Glow in the dark slime lights
Running lights
Scratchbuilt EOMS pods (flare launch detectors) on nose and tail
Scratchbuilt HF "towel bar" antenna
A scratchbuilt AGPU (power unit) housing the 9V battery which powers the electronics
I'm half ashamed to admit it, but this was the first project I have ever airbrushed and weathered, so I made a lot of mistakes - but I learned a lot, and the end result wasn't too bad. I think I bit off more than I should have expected to chew. At one point I got so frustrated that it sat untouched for 9 months. The decals silvered badly, even though I used Future first and Micro Sol and Micro Set. I was able to hide most of the silvering when I weathered the model, but one decal still sticks out like a sore thumb.

For the display base, I scanned the emblem from a "Dogpound" T-Shirt (the name of my son's maintenance company), enlarged it to 12"x12", and put it in a frame.
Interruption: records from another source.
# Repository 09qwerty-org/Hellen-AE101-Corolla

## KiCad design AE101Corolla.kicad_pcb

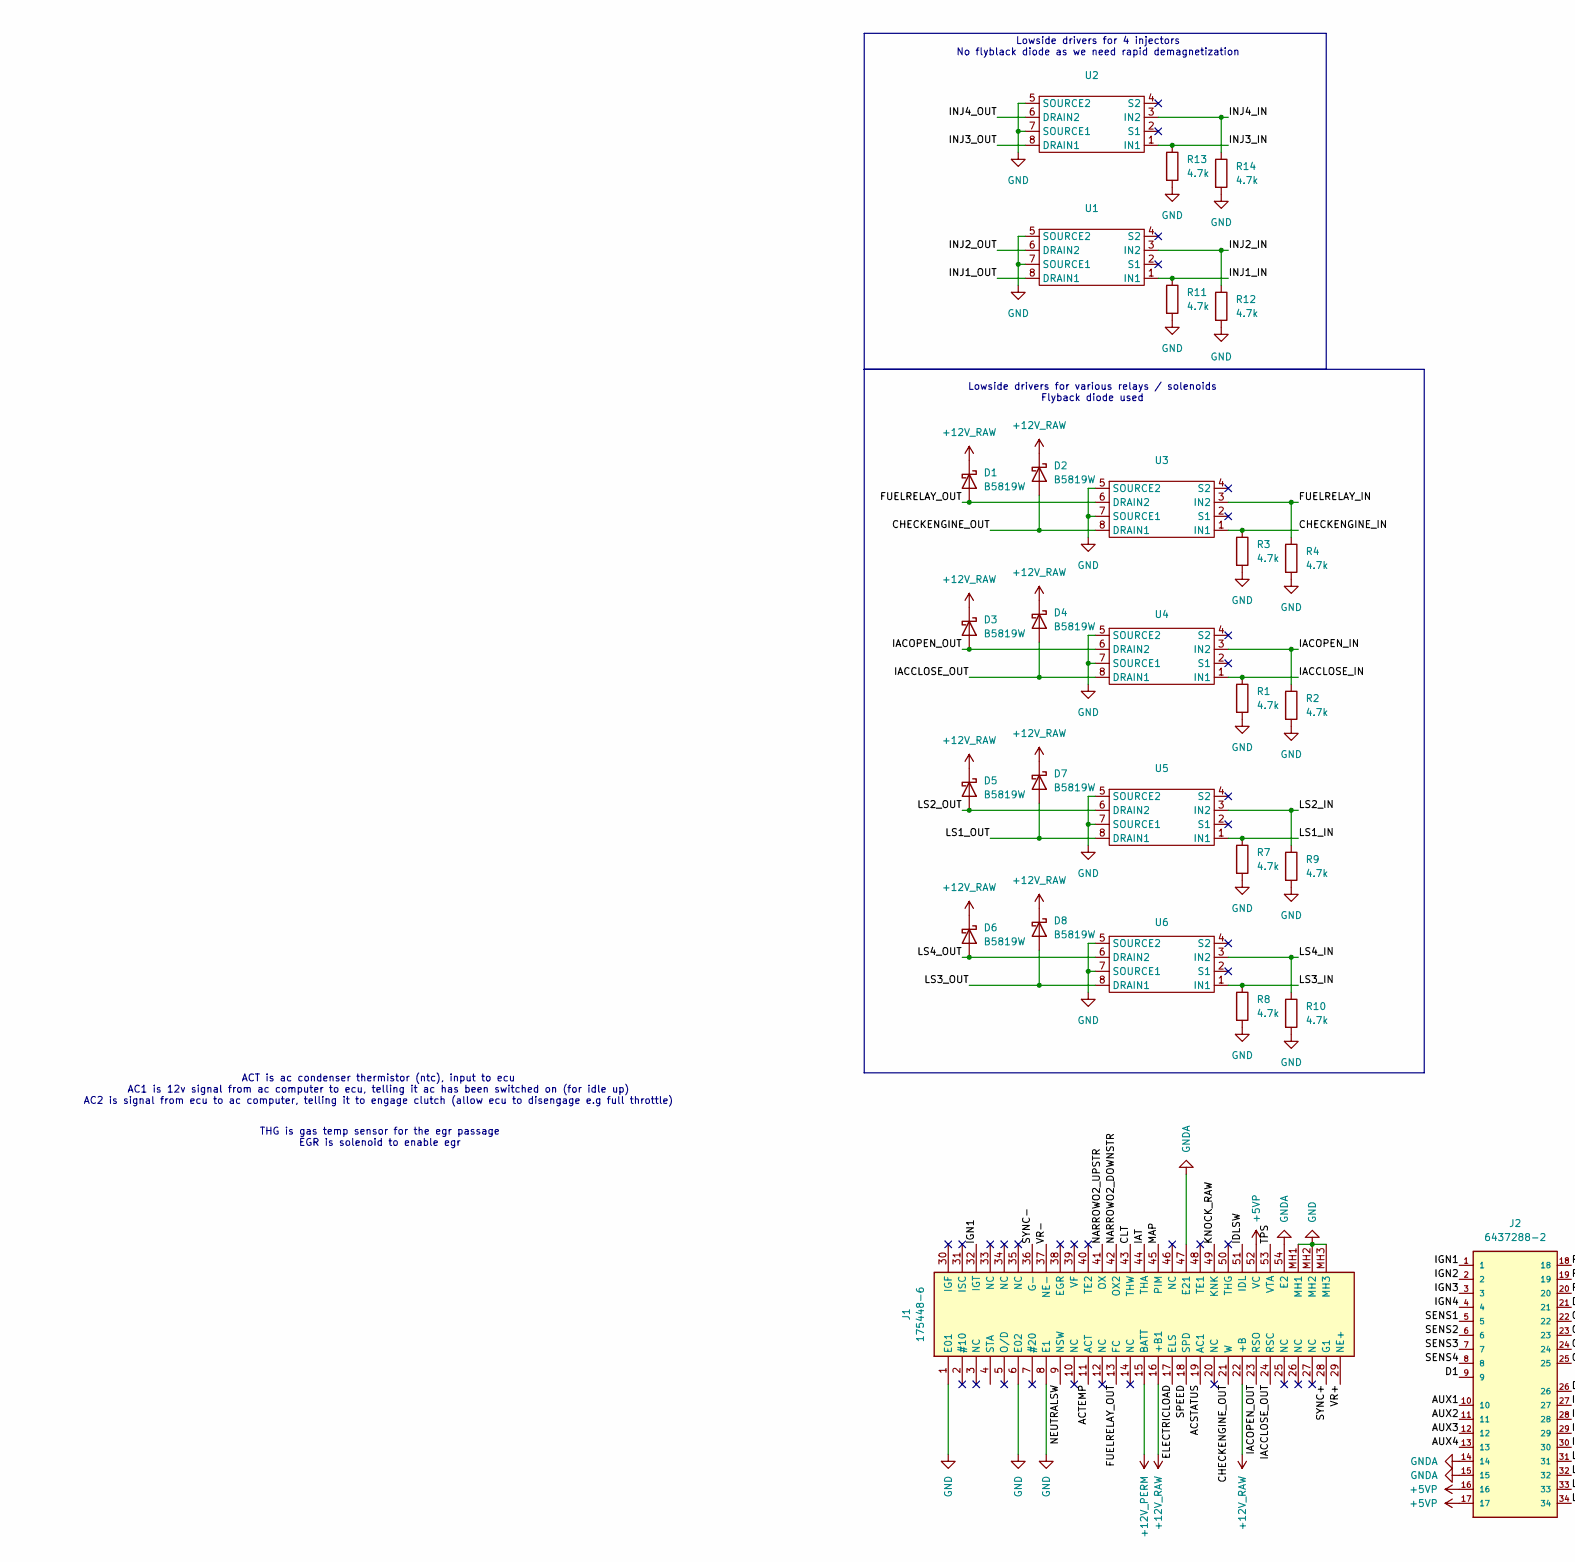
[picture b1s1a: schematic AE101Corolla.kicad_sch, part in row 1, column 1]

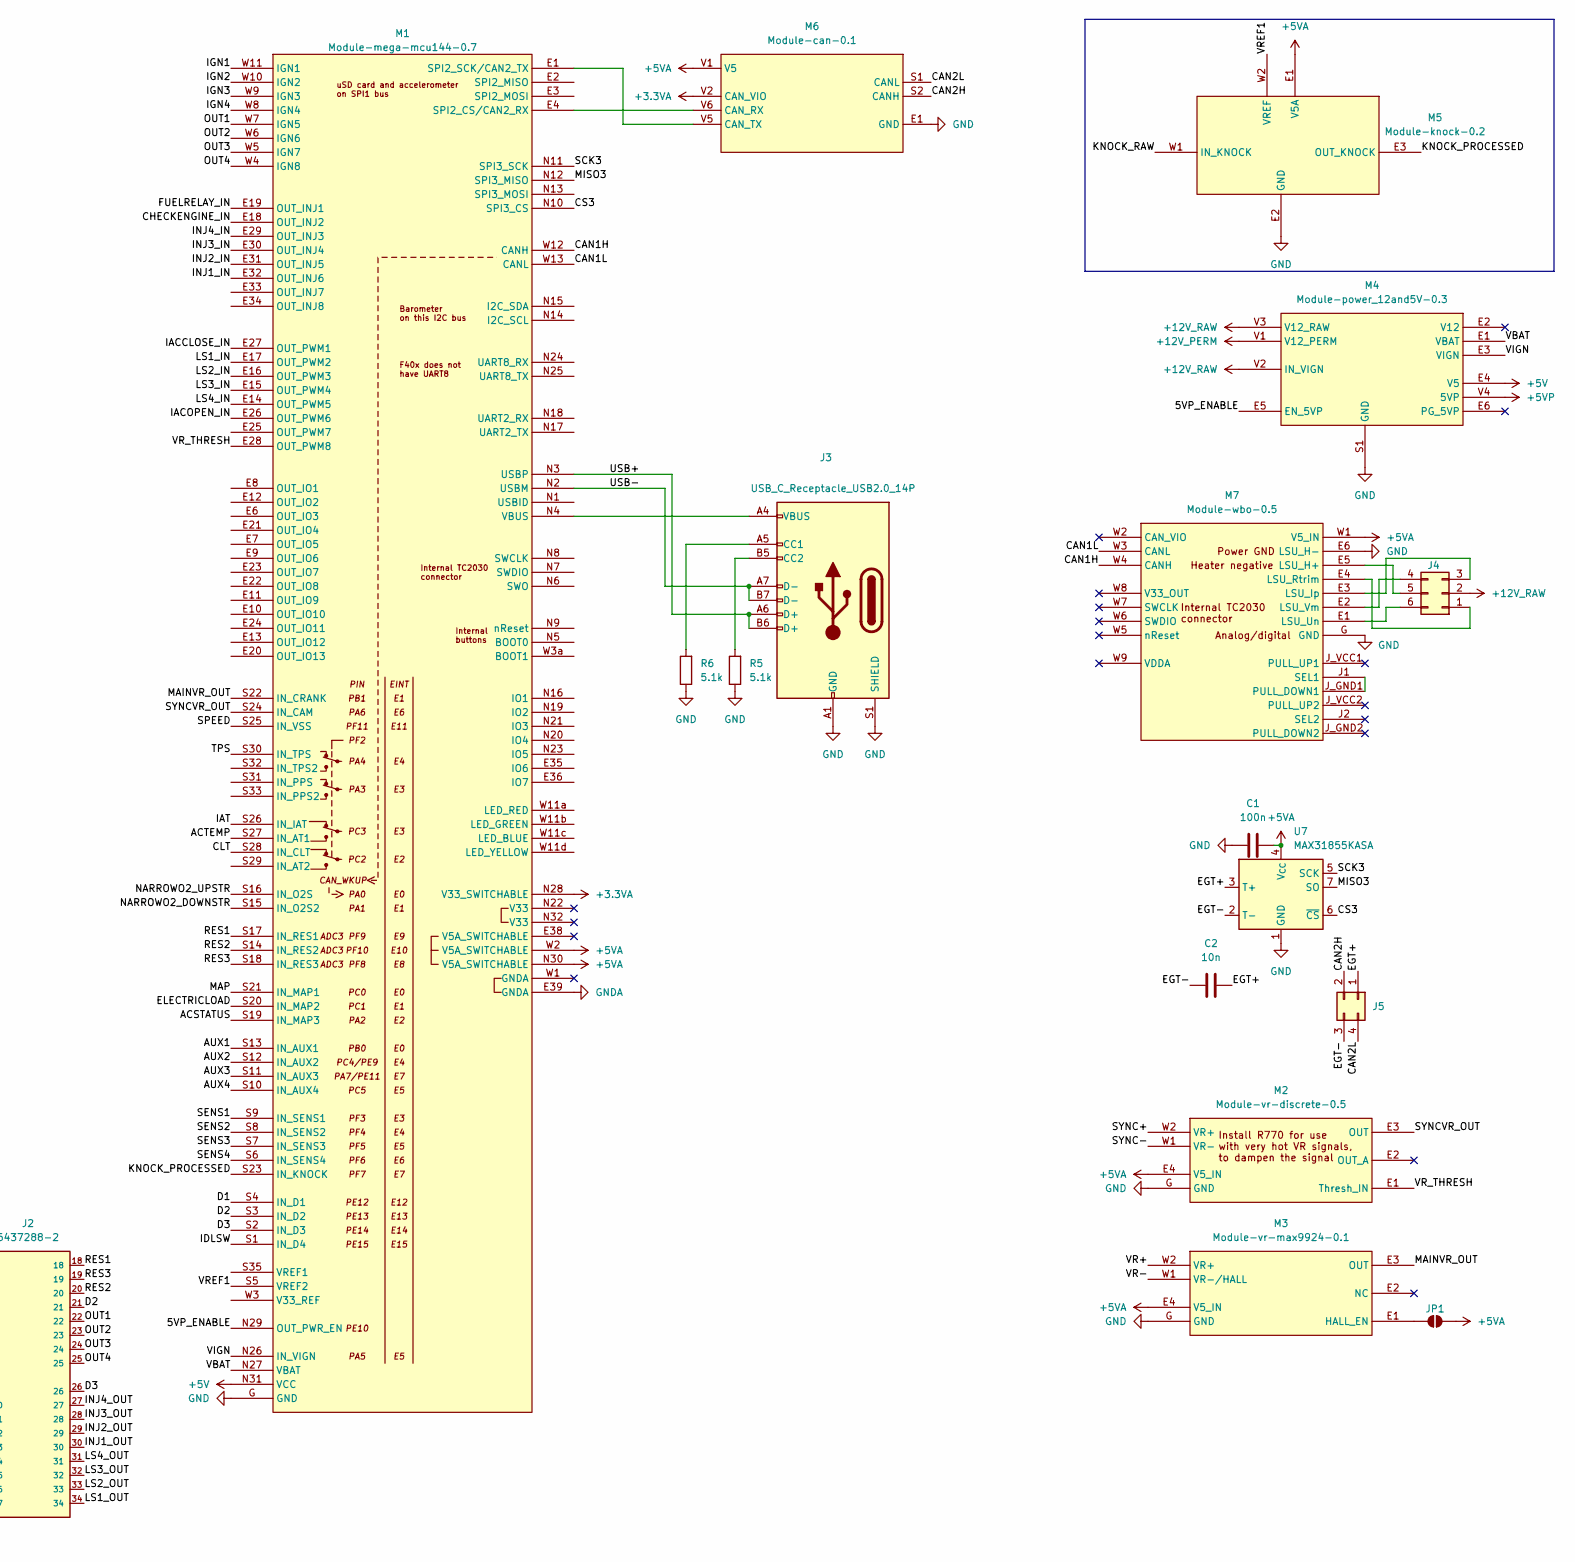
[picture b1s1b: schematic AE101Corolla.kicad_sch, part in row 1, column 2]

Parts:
C1: 100n; C_0402_1005Metric; LCSC C1525
C2: 10n; C_0402_1005Metric; LCSC C15195
D1, D2, D3, D4, D5, D6, D7, D8: B5819W; D_SOD-123; LCSC C8598
J1: 175448-6; 1754486; Mouser Part Number 571-175448-6
J2: 6437288-2; TE_6437288-2; PARTREV A1
J3: USB_C_Receptacle_USB2.0_14P; USB_C_Receptacle_GCT_USB4105-xx-A_16P_TopMnt_Horizontal
J4: Conn_02x03_Counter_Clockwise; Molex_Mini-Fit_Jr_5569-06A2_2x03_P4.20mm_Horizontal
J5: Conn_02x02_Counter_Clockwise; Molex_Mini-Fit_Jr_5569-04A2_2x02_P4.20mm_Horizontal
JP1: SolderJumper_2_Open; SolderJumper-2_P1.3mm_Open_TrianglePad1.0x1.5mm
M1: Module-mega-mcu144-0.7; mega-mcu144
M2: Module-vr-discrete-0.5; vr-discrete
M3: Module-vr-max9924-0.1; vr-max9924
M4: Module-power_12and5V-0.3; power_12and5V
M5: Module-knock-0.2; knock
M6: Module-can-0.1; can
M7: Module-wbo-0.5; wbo
R1, R2, R3, R4, R7, R8, R9, R10, R11, R12, R13, R14: 4.7k; R_0402_1005Metric; LCSC C25900
R5, R6: 5.1k; R_0402_1005Metric; LCSC C144745
U1, U2, U3, U4, U5, U6: VNLD5090-E; LCSC C222209
U7: MAX31855KASA; SOIC-8_3.9x4.9mm_P1.27mm

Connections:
+3.3VA: M1.N28 (V33_SWITCHABLE), M6.V2 (CAN_VIO)
+5V: M1.N31 (VCC), M4.E4 (V5)
+5VA: C1.1, JP1.2 (B), M1.N30 (V5A_SWITCHABLE), M1.W2 (V5A_SWITCHABLE), M2.E4 (V5_IN), M3.E4 (V5_IN), M5.E1 (V5A), M6.V1 (V5), M7.W1 (V5_IN), U7.4 (V_{CC})
+5VP: J1.52 (VC), J2.16, J2.17, M4.V4 (5VP)
+12V_PERM: J1.15 (BATT), M4.V1 (V12_PERM)
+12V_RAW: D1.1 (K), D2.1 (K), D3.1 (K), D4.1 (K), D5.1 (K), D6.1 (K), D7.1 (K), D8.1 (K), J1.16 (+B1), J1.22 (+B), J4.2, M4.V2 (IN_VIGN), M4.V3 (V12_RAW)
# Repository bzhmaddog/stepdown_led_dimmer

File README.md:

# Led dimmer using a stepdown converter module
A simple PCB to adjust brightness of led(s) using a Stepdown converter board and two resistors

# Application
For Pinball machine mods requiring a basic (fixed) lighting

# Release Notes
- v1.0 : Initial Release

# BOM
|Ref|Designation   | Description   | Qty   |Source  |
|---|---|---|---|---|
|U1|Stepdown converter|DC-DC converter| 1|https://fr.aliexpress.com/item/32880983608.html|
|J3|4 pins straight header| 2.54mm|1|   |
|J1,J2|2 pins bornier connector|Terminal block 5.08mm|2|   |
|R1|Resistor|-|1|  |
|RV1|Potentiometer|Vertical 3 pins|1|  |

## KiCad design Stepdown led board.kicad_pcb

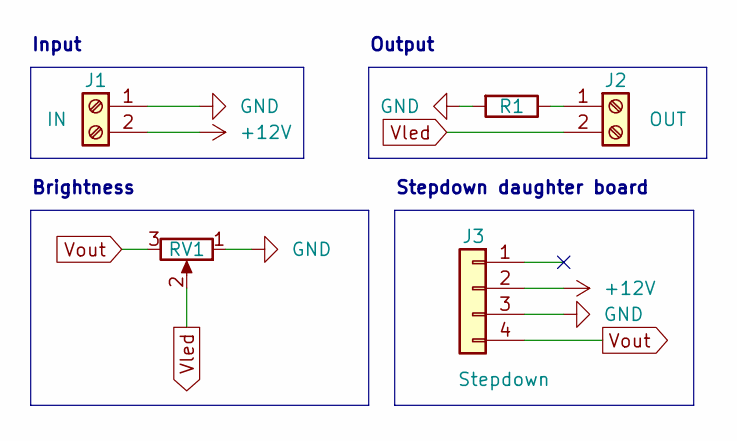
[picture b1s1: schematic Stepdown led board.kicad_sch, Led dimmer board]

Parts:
J1: IN; TerminalBlock_bornier-2_P5.08mm
J2: OUT; TerminalBlock_bornier-2_P5.08mm
J3: Stepdown; PinHeader_1x04_P2.54mm_Vertical
R1: R; R_2816_7142Metric_Pad3.20x4.45mm_HandSolder
RV1: Pot; Potentiometer_ACP_CA6-VSMD_Vertical

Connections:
+12V: J1.2, J3.2
GND: J1.1, J3.3, R1.2, RV1.1
unnamed: J2.1, R1.1
Vled: J2.2, RV1.2
Vout: J3.4, RV1.3

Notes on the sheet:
Output
Stepdown daughter board
Brightness
Input

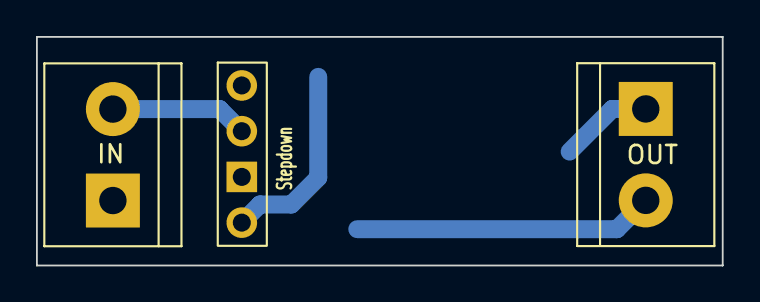
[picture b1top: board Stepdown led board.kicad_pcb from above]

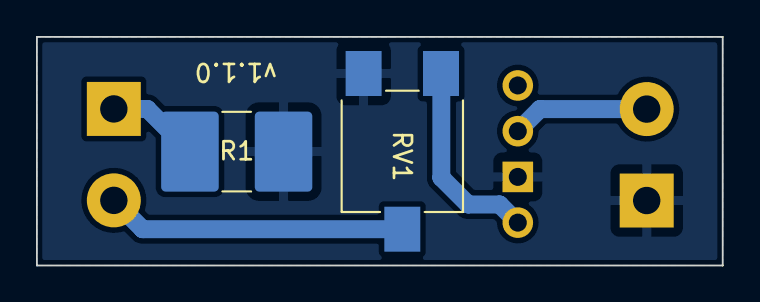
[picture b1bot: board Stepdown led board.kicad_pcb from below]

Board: 2 copper layers, 38.1 x 12.7 mm, 5 parts (2 on the bottom side), 5 nets.

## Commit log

2022-08-10 Initial Commit （v1.0)
2022-08-10 - Updated README.md with release note for v1.0
2022-08-10 - v1.1 (shorter version with component on both sides (WIP) - Reorganized production files folders
2022-08-21 - Fixed dumb stepdown module inversion - Fixed Front silkscreen
2022-08-25 Version 1.1.0 WIP
2022-08-25 - Schematic cleanup - Layout (silk) update
2022-08-28 Added solutions from DeepPCB.ai (not planning to use them anyway)

For what it's worth, here's the finished product:
http://i407.photobucket.com/albums/pp155/texwardo/UH-60L%20project/_DSC0073.jpg
http://i407.photobucket.com/albums/pp155/texwardo/UH-60L%20project/_DSC0080.jpg
http://i407.photobucket.com/albums/pp155/texwardo/UH-60L%20project/_DSC0088.jpg
http://i407.photobucket.com/albums/pp155/texwardo/UH-60L%20project/_DSC0090.jpg
http://i407.photobucket.com/albums/pp155/texwardo/UH-60L%20project/_DSC0092.jpg
http://i407.photobucket.com/albums/pp155/texwardo/UH-60L%20project/overhead1.jpg
http://i407.photobucket.com/albums/pp155/texwardo/UH-60L%20project/front.jpg
http://i407.photobucket.com/albums/pp155/texwardo/UH-60L%20project/tail2.jpg
http://i407.photobucket.com/albums/pp155/texwardo/UH-60L%20project/tailrotor.jpg
http://i407.photobucket.com/albums/pp155/texwardo/UH-60L%20project/nosequarter1.jpg

Anyway, here's to my son, and to all the brave men and women of our Armed Forces, at home and abroad!
--Jonathan


----------



## John P (Sep 1, 1999)

Gorgeous!!


----------



## modelgeek (Jul 14, 2005)

Absouletly Awesome..I wondered how you were doing with this build up glad to see it finished...Jeff


----------



## ilbasso (Jun 7, 2006)

Thanks, guys. What got me moving on this again, strangely enough, was my daughter and her husband (and their baby) suddenly needing to move in with me over the summer. I had all of my model assembly stuff in the upstairs bedroom that was now to become their room. I took everything down to the basement, where my air compressor and air brush were...and suddenly, it became much easier to work with everything in one room (duh). I was also getting WAAAAAAAY over my head thinking about a diorama and all the ancillary stuff that had to go into this - the complexity was paralyzing me. Deciding to go with the picture frame base suddenly made everything very easy, and yet still provided an interesting display base.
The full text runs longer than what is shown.